I know these came out awhile ago but i thought it was neat. its a shame none of them are really cute imo.


----------



## Amber77 (Jun 13, 2008)

Those are kinda cool, but I would be afraid of accidents that may occur... Like the heel falling off randomly...


----------



## -Chelsey- (Jun 13, 2008)

Yeah that's a cool idea but I'd be afraid of them breaking.


----------



## beaglette (Jun 13, 2008)

I don't see how these work!

Back in my teenage years, I had a pair of heels that were too high. I took them in and had them cut down. Welllll they were the most uncomfortable things on the planet because the angle of the actual shoe was created FOR that specific heel height.

Based on my previous experience, I wonder if these would be uncomfortable to?

Warmly,

Brandi


----------



## Ashley (Jun 13, 2008)

Interesting! However, the shoe in the first pic looks so strange after being lowered.


----------



## katana (Jun 13, 2008)

Quote:
Back in my teenage years, I had a pair of heels that were too high. I took them in and had them cut down. Welllll they were the most uncomfortable things on the planet because the angle of the actual shoe was created FOR that specific heel height. I never even thought about that beaglette, but I think you may be right!I too would be afraid to wear them, they do look as if they may just break, at any given time. Cute Idea though.


----------



## Anthea (Jun 13, 2008)

Originally Posted by *beaglette* /img/forum/go_quote.gif I don't see how these work! 
Back in my teenage years, I had a pair of heels that were too high. I took them in and had them cut down. Welllll they were the most uncomfortable things on the planet because the angle of the actual shoe was created FOR that specific heel height.

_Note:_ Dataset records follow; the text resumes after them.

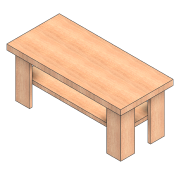
# Autodesk Inventor part: Sto u dnevnoj sobi
Saved by Autodesk Inventor 2020.2 (Build 242310000, 310)
## iProperties
Created: 2020-10-09
Part Number: Sto u dnevnoj sobi
Material: Wood (Birch)
Document SubType Name: Modeling
Designer: User
Density: 0.55 g/cm^3
Appearance: Birch - Natural Polished
Author: User
Autodesk Inventor part; units mm, degrees
ref_plane "YZ Plane" through (0, 0, 0) normal (1, 0, 0) x (0, 1, 0)
sketch "Sketch1" plane through (0, 0, 0) normal (0, 1, 0) x (-1, 0, 0)
  line L0 (-650, -300) -> (650, -300)
  line L1 (650, -300) -> (650, 300)
  line L2 (650, 300) -> (-650, 300)
  line L3 (-650, 300) -> (-650, -300)
  line L4 (-650, -300) -> (650, 300) construction
  line L5 (650, -300) -> (-650, 300) construction
  line L6 (650, 300) -> (600, 300)
  line L7 (600, 250) -> (570, 250)
  line L8 (570, 220) -> (570, 90)
  line L9 (570, 90) -> (600, 90)
  line L10 (600, 90) -> (600, 250)
  line L11 (600, 250) -> (440, 250)
  line L12 (440, 250) -> (440, 220)
  line L13 (440, 220) -> (570, 220)
  line L14 (600, 220) -> (600, 250)
  line L15 (650, -300) -> (600, -300)
  line L16 (650, -250) -> (650, -300)
  line L17 (600, -250) -> (440, -250)
  line L18 (440, -250) -> (440, -220)
  line L19 (440, -220) -> (570, -220)
  line L20 (600, -220) -> (600, -250)
  line L21 (600, -250) -> (570, -250)
  line L22 (570, -220) -> (570, -90)
  line L23 (570, -90) -> (600, -90)
  line L24 (600, -90) -> (600, -250)
  line L25 (-650, 300) -> (-600, 300)
  line L26 (-650, 250) -> (-650, 300)
  line L27 (-600, 250) -> (-570, 250)
  line L28 (-570, 220) -> (-570, 90)
  line L29 (-570, 90) -> (-600, 90)
  line L30 (-600, 90) -> (-600, 250)
  line L31 (-600, 250) -> (-440, 250)
  line L32 (-440, 250) -> (-440, 220)
  line L33 (-440, 220) -> (-570, 220)
  line L34 (-600, 220) -> (-600, 250)
  line L35 (-650, -300) -> (-600, -300)
  line L36 (-650, -250) -> (-650, -300)
  line L37 (-600, -250) -> (-440, -250)
  line L38 (-440, -250) -> (-440, -220)
  line L39 (-440, -220) -> (-570, -220)
  line L40 (-600, -220) -> (-600, -250)
  line L41 (-600, -250) -> (-570, -250)
  line L42 (-570, -220) -> (-570, -90)
  line L43 (-570, -90) -> (-600, -90)
  line L44 (-600, -90) -> (-600, -250)
  point P0 (0, 0)
  dimension "d0" = 1300
  dimension "d1" = 600
  dimension "d4" = 30
  dimension "d5" = 160
  dimension "d6" = 30
  dimension "d7" = 50
  dimension "d8" = 50
  dimension "d9" = 50
  dimension "d10" = 50
  dimension "d11" = 30
  dimension "d12" = 160
  dimension "d13" = 160
  dimension "d14" = 30
  constraints: 90 end point, 18 parallel, 12 horizontal, 9 perpendicular, 2 midpoint, 1 point on line
  measures "d0" distance of L2.end L1.end
  measures "d1" distance of L1.end L0.end
  measures "d4" distance of L9.end L8.end
  measures "d5" distance of L14.start L12.end
  measures "d6" distance of L12.end L11.end
  measures "d7" distance of L17.start L16.start
  measures "d8" distance of L15.end L17.start
  measures "d9" distance of L27.start L26.start
  measures "d10" distance of L25.end L27.start
  measures "d11" distance of L28.end L29.end
  measures "d12" distance of L27.end L28.end
  measures "d13" distance of L32.end L34.start
  measures "d14" distance of L31.end L32.end
extrude "Extrusion1" add sketch "Sketch1" along normal blind 60 contours L3 L2 L1 L0 | L10 L9 L8 L13 L12 L11 L7 | L17 L18 L19 L22 L23 L24 L20 | L27 L31 L32 L33 L28 L29 L30 | L40 L44 L43 L42 L39 L38 L37
ref_plane "Work Plane1" through (0, 0, 0) normal (0, -1, 0) x (1, 0, 0)
sketch "Sketch2" plane through (0, 0, 0) normal (0, -1, 0) x (1, 0, 0)
  line L0 (650, 300) -> (650, -300) projected
  line L1 (650, 300) -> (600, 300)
  line L2 (650, 250) -> (650, 300)
  line L3 (650, -300) -> (600, -300)
  line L4 (650, -250) -> (650, -300)
  line L5 (-650, -300) -> (-650, 300) projected
  line L6 (-650, -300) -> (-600, -300)
  line L7 (-650, -250) -> (-650, -300)
  line L8 (-650, 300) -> (-600, 300)
  line L9 (-650, 250) -> (-650, 300)
  line L10 (-600, -250) -> (-440, -250)
  line L11 (-440, -250) -> (-440, -220)
  line L12 (-440, -220) -> (-570, -220)
  line L13 (-600, -220) -> (-600, -250)
  line L14 (-600, -250) -> (-570, -250)
  line L15 (-570, -220) -> (-570, -90)
  line L16 (-570, -90) -> (-600, -90)
  line L17 (-600, -90) -> (-600, -250)
  line L18 (-600, 250) -> (-440, 250)
  line L19 (-440, 250) -> (-440, 220)
  line L20 (-440, 220) -> (-570, 220)
  line L21 (-600, 220) -> (-600, 250)
  line L22 (-600, 250) -> (-570, 250)
  line L23 (-570, 220) -> (-570, 90)
  line L24 (-570, 90) -> (-600, 90)
  line L25 (-600, 90) -> (-600, 250)
  line L26 (600, -250) -> (440, -250)
  line L27 (440, -250) -> (440, -220)
  line L28 (440, -220) -> (570, -220)
  line L29 (600, -220) -> (600, -250)
  line L30 (600, -250) -> (570, -250)
  line L31 (570, -220) -> (570, -90)
  line L32 (570, -90) -> (600, -90)
  line L33 (600, -90) -> (600, -250)
  line L34 (600, 250) -> (570, 250)
  line L35 (570, 220) -> (570, 90)
  line L36 (570, 90) -> (600, 90)
  line L37 (600, 90) -> (600, 250)
  line L38 (600, 250) -> (440, 250)
  line L39 (440, 250) -> (440, 220)
  line L40 (440, 220) -> (570, 220)
  line L41 (600, 220) -> (600, 250)
  point P0 (0, 0)
  dimension "d18" = 50
  dimension "d19" = 50
  dimension "d20" = 50
  dimension "d21" = 50
  dimension "d22" = 50
  dimension "d23" = 50
  dimension "d24" = 50
  dimension "d25" = 50
  dimension "d26" = 160
  dimension "d27" = 30
  dimension "d28" = 30
  dimension "d29" = 160
  dimension "d30" = 160
  dimension "d31" = 30
  dimension "d32" = 30
  dimension "d33" = 160
  dimension "d34" = 160
  dimension "d35" = 30
  dimension "d36" = 30
  dimension "d37" = 160
  constraints: 80 end point, 16 parallel, 12 horizontal, 8 perpendicular, 3 point on line
  measures "d18" distance of L2.start L34.start
  measures "d19" distance of L34.start L1.end
  measures "d20" distance of L26.start L4.start
  measures "d21" distance of L3.end L26.start
  measures "d22" distance of L7.start L10.start
  measures "d23" distance of L10.start L6.end
  measures "d24" distance of L18.start L9.start
  measures "d25" distance of L8.end L18.start
  measures "d26" distance of L13.start L11.end
  measures "d27" distance of L11.end L10.end
  measures "d28" distance of L16.end L15.end
  measures "d29" distance of L15.end L14.end
  measures "d30" distance of L19.end L21.start
  measures "d31" distance of L18.end L19.end
  measures "d32" distance of L23.end L24.end
  measures "d33" distance of L22.end L23.end
  measures "d34" distance of L27.end L29.start
  measures "d35" distance of L26.end L27.end
  measures "d36" distance of L31.end L32.end
  measures "d37" distance of L30.end L31.end
extrude "Extrusion2" add sketch "Sketch2" along normal blind 500
ref_plane "Work Plane2" through (0, -250, 0) normal (0, -1, 0) x (1, 0, 0)
sketch "Sketch3" plane through (0, -250, 0) normal (0, -1, 0) x (1, 0, 0)
  line L0 (570, 220) -> (-570, 220)
  line L1 (-570, 220) -> (-570, -220)
  line L2 (-570, -220) -> (570, -220)
  line L3 (570, -220) -> (570, 220)
  point P0 (0, 0)
  constraints: 8 end point, 2 parallel, 1 horizontal, 1 perpendicular
extrude "Extrusion3" add sketch "Sketch3" along normal blind 20 and the other way blind 20
body "Solid1"

Based on my previous experience, I wonder if these would be uncomfortable to?

Warmly,

Brandi

I agree Brandi, if the base of the shoe has no flex then the angles would be wrong by adjusting the heel height.

Looking at the photos it looks like the shoe is flexible in the base and therefore should be ok comfort wise at both heights. However this might make it more tiring to walk in with the high heel in place.

I have reservations about anything that is adjustable. From an engineering view I think any structure (the heel) that has a joint is not going to be as strong or as durable. IMO


----------



## reesesilverstar (Jun 14, 2008)

yea... i'm not buying into this...


----------



## puncturedskirt (Jun 14, 2008)

Originally Posted by *Amber77* /img/forum/go_quote.gif Those are kinda cool, but I would be afraid of accidents that may occur... Like the heel falling off randomly... Exactly what i thought.


----------



## Karren (Jun 14, 2008)

Like something you would see on Get Smart! Can you get one with a phone in it too?


----------



## kdmakeuparts (Jun 14, 2008)

Well, I don't like any idea that lessens my need for another pair of shoes.


----------



## pinksugar (Jun 14, 2008)

I do like the pink and black pair... not so much the others.

I'd be concerned about the angle too. I guess I'd be interested in trying them out, if not buying them!


----------



## cookarikappou (Jun 16, 2008)

i think this thing is cool yet dangerous... i wont wear them..


----------



## monniej (Jun 17, 2008)

that's looks crazy!


----------



## aney (Jun 18, 2008)

They are cute and practical... but they could get stuck into carpets and such


----------



## bebe_tc (Jun 20, 2008)

WOW good invention!!!


----------



## Aniger86 (Jun 27, 2008)

I think worrying about them not being durable enough and breaking is the biggest concern for me. Like what if you were climbing down a flight of stairs and one of the heel (when adjusted at its tallest height) accidentally breaks? I think you'll end up with a bad ankle sprain, and lucky too if you don't fall down the stairs with the sudden breaking of the heel.


----------



## savvywoman (Jul 6, 2008)

OH yeah I saw this on tv the other day!! Stacey had very good reviews on them. Would like to try one but heard they are pretty expensive right now.


----------



## Aprill (Aug 1, 2008)

For women on the go, carrying an extra pair of shoes around can be an inconvenience. If you hate switching back and forth from walking shoes to high heels

, now you don't have to thanks to Camileon Heels adjustable shoes. This shoe line features a variety of beautiful Italian shoes with adjustable heels. In seconds, you can switch the shoes from the high-heeled position of a 3 1/4-inch heel down to a 1 1/2-inch low-heeled, walking-friendly shoe. They offer a variety of pumps, slingbacks and slides. 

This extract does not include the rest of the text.